Verify each cluster is real before listing it. For each byRun entry, read the run's actual failures from step_01 — the run-level FAILURE may be due to a single failing model while every other selected model in the same run materialized successfully. In that case the "degraded" assets except the genuinely-failed one are noise.
Clusters with endTime older than the day-2 window are stale candidates; they belong in Emerging Issues, not Impact.

Actions: No action (transient + retry success), Monitor (recurring/emerging), Investigate (retry failure), Escalate (sustained platform issue).

Known self-resolving alerts: kipptaf dagster-step-* CPU alerts (1000m during import) self-resolve ~60s. Action: No action.

Flag any step with an "error" field — those signals are missing from the timeline.

Reference .k8s/CLAUDE.md for scheduling, topology, security, config.

Write report to .claude/scratch/day2-report-<YYYY-MM-DD>.md, where the date is the window end (window.utc_end from day2.json) converted to ET.

Verify epoch conversions before drawing conclusions. Dagster creationTime/startTime/endTime are float seconds. Sanity-check every conversion against the window's utc_start/utc_end in day2.json before writing narrative — a single-hour math error can flip a "stale orphan pod" into a "first scheduling attempt" (or vice-versa) and rewrite the entire root-cause story. If a GKE event's UTC timestamp looks far from the run's computed UTC, recompute before continuing.

Run-never-started timestamps: When a run times out before starting (Run timed out due to taking longer than N seconds to start), startTime and endTime in step 1 are both the failure-recorded time, not enqueue time. Approximate the K8s Job create time as startTime - N (typically 480s), or query the audit log directly: protoPayload.methodName="io.k8s.batch.v1.jobs.create" protoPayload.resourceName=~"dagster-run-<runId>.*".
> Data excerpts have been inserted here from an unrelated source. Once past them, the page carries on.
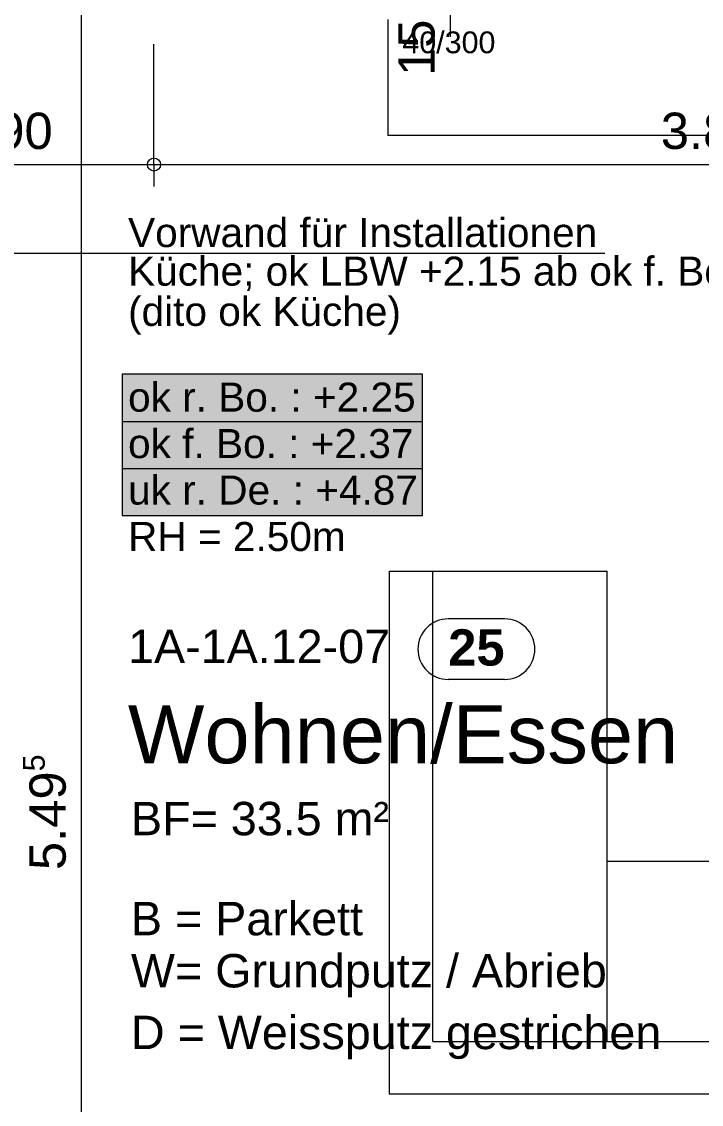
# Model space of a CAD drawing. Header units: metres. Extents: x 0.003 to 0.843, y 0.003 to 0.597.
# Drawn here: x 0.5452 to 0.592, y 0.2011 to 0.2756 of the extents above; entities that cross this region are included whole.
import ezdxf

# ---------------------------------------------------------------- set-up
doc = ezdxf.new("R2010")
doc.units = ezdxf.units.M
doc.linetypes.add('AUSGEZOGEN', pattern=[0])
for name, color, linetype, lineweight in [('Moebel', 253, 'AUSGEZOGEN', 13), ('Raumbezeichnung', 7, 'AUSGEZOGEN', 18), ('Text Koten', 7, 'AUSGEZOGEN', 25), ('Text Werkplan Ausfuehrung', 7, 'AUSGEZOGEN', 25), ('Werkplan- Ausfuehrungsmasse', 7, 'AUSGEZOGEN', 13)]:
    doc.layers.add(name, color=color, linetype=linetype, lineweight=lineweight)
doc.styles.add('ARIAL', font='ARIAL.TTF')

msp = doc.modelspace()

# ---------------------------------------------------------------- hatches: boundary and pattern name
at = {"layer": 'Text Koten', "linetype": 'AUSGEZOGEN', "lineweight": 13}
msp.add_hatch(color=254, dxfattribs=at).paths.add_polyline_path([(0.5521753853690158, 0.2513547734484346), (0.5521753853690168, 0.2416214403326581), (0.5728420515737475, 0.2416214403326581), (0.5728420515737475, 0.251354773448436)])

# ---------------------------------------------------------------- linework, layer by layer
at = {"layer": 'Moebel', "color": 253, "linetype": 'AUSGEZOGEN', "lineweight": 13}
for p, q in [((0.5704599873162814, 0.2757973195284039), (0.5704599873162814, 0.2677973046624779)), ((0.6304599859751769, 0.2677972380210831), (0.5704599873162814, 0.2677973046624779)), ((0.5705599873140432, 0.2377972386916354), (0.5705599873140444, 0.2017972394962981)), ((0.5705599873140432, 0.2377972386916354), (0.585559986978767, 0.2377972386916354)), ((0.5735599872469892, 0.2053972394158314), (0.573559987246988, 0.2377972386916354)), ((0.5855599869787683, 0.2053972394158318), (0.585559986978767, 0.2377972386916354)), ((0.6245599861070508, 0.2177972391386725), (0.5855599869787677, 0.2177972391386702)), ((0.5735599872469892, 0.2053972394158314), (0.621559986174106, 0.2053972394158337)), ((0.5705599873140444, 0.2017972394962981), (0.6245599861070508, 0.2017972394963008))]:
    msp.add_line(p, q, dxfattribs=at)
at = {"layer": 'Text Koten', "color": 7, "linetype": 'AUSGEZOGEN', "lineweight": 13}
for p, q in [((0.5521753853690158, 0.2513547734484346), (0.5521753853690166, 0.2416214403326581)), ((0.5728420515737475, 0.2513547734484346), (0.5521753853690158, 0.2513547734484346)), ((0.5728420515737475, 0.241621440332659), (0.5728420515737475, 0.2513547734484346)), ((0.5521753853690166, 0.2481103290765087), (0.5728420515737475, 0.24811032907651)), ((0.5521753853690166, 0.244865884704584), (0.5728420515737475, 0.244865884704584)), ((0.5521753853690166, 0.2416214403326581), (0.5728420515737475, 0.241621440332659))]:
    msp.add_line(p, q, dxfattribs=at)
at = {"layer": 'Text Werkplan Ausfuehrung', "color": 7, "linetype": 'AUSGEZOGEN', "lineweight": 13}
msp.add_line((0.5385753856730002, 0.259688106595504), (0.5854087179595269, 0.259688106595504), dxfattribs=at)
at = {"layer": 'Text Werkplan Ausfuehrung', "color": 240, "linetype": 'AUSGEZOGEN', "lineweight": 13}
for p, q in [((0.5785017717213949, 0.2345047737878085), (0.5746170513959249, 0.2345047737878085)), ((0.5785017717213949, 0.2303381072800876), (0.5746170513959249, 0.2303381072800876))]:
    msp.add_line(p, q, dxfattribs=at)
for centre, start, end in [((0.5746170513959249, 0.2324214405339481), 90, 270), ((0.5785017717213949, 0.2324214405339481), 270, 90)]:
    msp.add_arc(centre, 0.002083333253860473, start, end, dxfattribs=at)
at = {"layer": 'Werkplan- Ausfuehrungsmasse', "color": 7, "linetype": 'AUSGEZOGEN', "lineweight": 13}
for p, q in [((0.574759987220169, 0.2760973608807913), (0.574759987220169, 0.2745973638889931)), ((0.5543599876761445, 0.2657972380657866), (0.5543599876761445, 0.2672972380788251)), ((0.5363599880784757, 0.2657972380657866), (0.5543599876761445, 0.2657972380657866)), ((0.5543599876761445, 0.2657972380657866), (0.5543599876761445, 0.2642972410739884)), ((0.5543599876761445, 0.2657972380657866), (0.6307599859684714, 0.2657972380657866))]:
    msp.add_line(p, q, dxfattribs=at)
for points in [[(0.5493599877879032, 0.1661973633372477), (0.5493599877879032, 0.1911058697182634), (0.5493599877879032, 0.1911058697182634), (0.5493599877879032, 0.2068974090717602), (0.5493599877879032, 0.2068974090717602), (0.5493599877879032, 0.2760973608807913)], [(0.5543599876761445, 0.2657972380657866), (0.5543599876761445, 0.2664222380325236), (0.5543599876761445, 0.2664222380325236), (0.5543599876761445, 0.2664222380325236), (0.5543599876761445, 0.2664222380325236), (0.5543599876761445, 0.2740973609254947)]]:
    msp.add_lwpolyline(points, dxfattribs=at)
msp.add_circle((0.5543599876761445, 0.2657972380657866), 0.0004500000039115547, dxfattribs=at)

# ---------------------------------------------------------------- texts
at = {"layer": 'Moebel', "color": 253, "linetype": 'AUSGEZOGEN', "lineweight": 13, "insert": (0.5714599872939295, 0.2734473195809305), "char_height": 0.0015, "width": 0.00075, "attachment_point": 7, "style": 'ARIAL'}
msp.add_mtext('40/300', dxfattribs=at)
at = {"layer": 'Raumbezeichnung', "color": 7, "linetype": 'AUSGEZOGEN', "lineweight": 18, "attachment_point": 7, "style": 'ARIAL'}
for s, insert, char_height, width in [('1A-1A.12-07', (0.5525753853600759, 0.2314314405604223), 0.002299999952316284, 0.001149999976158142), ('Wohnen/Essen', (0.5525602411481683, 0.2245051873946618), 0.004, 0.002), ('BF=\\~33.5\\~m²', (0.5527756386868606, 0.2195725995157923), 0.002299999952316284, 0.001149999976158142), ('B\\~=\\~Parkett', (0.5527720917957273, 0.2126826825989284), 0.002299999952316284, 0.001149999976158142), ('W=\\~Grundputz\\~/\\~Abrieb', (0.5527720917957273, 0.2084326826939232), 0.002299999952316284, 0.001149999976158142), ('D\\~=\\~Weissputz\\~gestrichen', (0.5527720917957273, 0.2041826827889181), 0.002299999952316284, 0.001149999976158142)]:
    msp.add_mtext(s, dxfattribs=dict(at, insert=insert, char_height=char_height, width=width))
at = {"layer": 'Text Koten', "color": 7, "linetype": 'AUSGEZOGEN', "lineweight": 13, "char_height": 0.002, "width": 0.001, "attachment_point": 7, "style": 'ARIAL'}
for s, insert in [('ok\\~r.\\~Bo.\\~:\\~+2.25', (0.5525753853163644, 0.2487547734841974)), ('ok\\~f.\\~Bo.\\~:\\~+2.37', (0.552575385176488, 0.2455547736749323)), ('uk\\~r.\\~De.\\~:\\~+4.87', (0.5525753850366116, 0.24235477338883)), ('RH\\~=\\~2.50m', (0.5525753848967351, 0.2391547731027277))]:
    msp.add_mtext(s, dxfattribs=dict(at, insert=insert))
at = {"layer": 'Text Werkplan Ausfuehrung', "color": 7, "linetype": 'AUSGEZOGEN', "lineweight": 13, "char_height": 0.002, "width": 0.001, "attachment_point": 7, "style": 'ARIAL'}
for s, insert in [('Vorwand\\~für\\~Installationen\\~', (0.552575385272653, 0.2600881065418598)), ('Küche;\\~ok\\~LBW\\~+2.15\\~ab\\~ok\\~f.\\~Bo.', (0.5525753851415189, 0.2570881065418598)), ('(dito\\~ok\\~Küche)', (0.5525753850103847, 0.2540881065418599))]:
    msp.add_mtext(s, dxfattribs=dict(at, insert=insert))
at = {"layer": 'Text Werkplan Ausfuehrung', "color": 240, "linetype": 'AUSGEZOGEN', "lineweight": 13, "insert": (0.5746170513959249, 0.2312547738697649), "char_height": 0.0025, "width": 0.00125, "attachment_point": 7, "style": 'ARIAL'}
msp.add_mtext('\\fArial|i0|b1|c0|p0;25', dxfattribs=at)
at = {"layer": 'Werkplan- Ausfuehrungsmasse', "color": 7, "linetype": 'AUSGEZOGEN', "lineweight": 13, "attachment_point": 7, "rotation": 90.00000250447816, "style": 'ARIAL'}
for s, insert, char_height, width in [('15', (0.5737173542284668, 0.2719024768767199), 0.0025, 0.00125), ('5', (0.5468590214231313, 0.2240053090454765), 0.0015, 0.00075), ('5.49', (0.5483173547962011, 0.2172079008777878), 0.0025, 0.00125)]:
    msp.add_mtext(s, dxfattribs=dict(at, insert=insert, char_height=char_height, width=width))
at = {"layer": 'Werkplan- Ausfuehrungsmasse', "color": 7, "linetype": 'AUSGEZOGEN', "lineweight": 13, "char_height": 0.0025, "width": 0.00125, "attachment_point": 7, "style": 'ARIAL'}
for s, insert in [('90', (0.54350118841976, 0.2668398710574883)), ('3.82', (0.5892533702775845, 0.2668415763780513))]:
    msp.add_mtext(s, dxfattribs=dict(at, insert=insert))

doc.saveas('drawing.dxf')

Audit logs > pod events for >1h-old bursts: mcp__gke__query_logs with protoPayload.serviceName="k8s.io" retains Job/Pod create/delete history for days; pod events from mcp__gcp-observability__list_log_entries drop after ~1h. For any burst analysis older than the day-2 collector's events lookback, query audit logs by runId, not events.

Slow pod startup at top-of-hour fan-out: At scheduling spikes (e.g. 04:00 UTC / 00:00 ET), K8s Jobs are created promptly but pods can take 4–7 min to emit their first log line (image pull + autoscaler node provision). The run_monitoring.start_timeout_seconds measures from enqueue, so run-never-started failures during these windows are an autoscaler-latency symptom — not an agent or K8s-API symptom.

Appendix: Targeted investigations (skip full skill)

Specific agent ID query (not general health)

Single agent showing errors in the UI but no broader symptoms? The UI alone isn't enough to conclude no impact — the agent may have already recovered, or the impact may be visible only in run-side signals.

get_cloud_agents(agent_id="<id>", errors_after=<epoch>)
list_runs(statuses=["FAILURE"]) ±30 min around error
GKE events same window

Run all three before concluding — even if agent looks healthy now.

Re-execution chains

get_run_group(run_id) returns the full chain in one call. Don't traverse parentRunId/rootRunId via get_run/list_runs.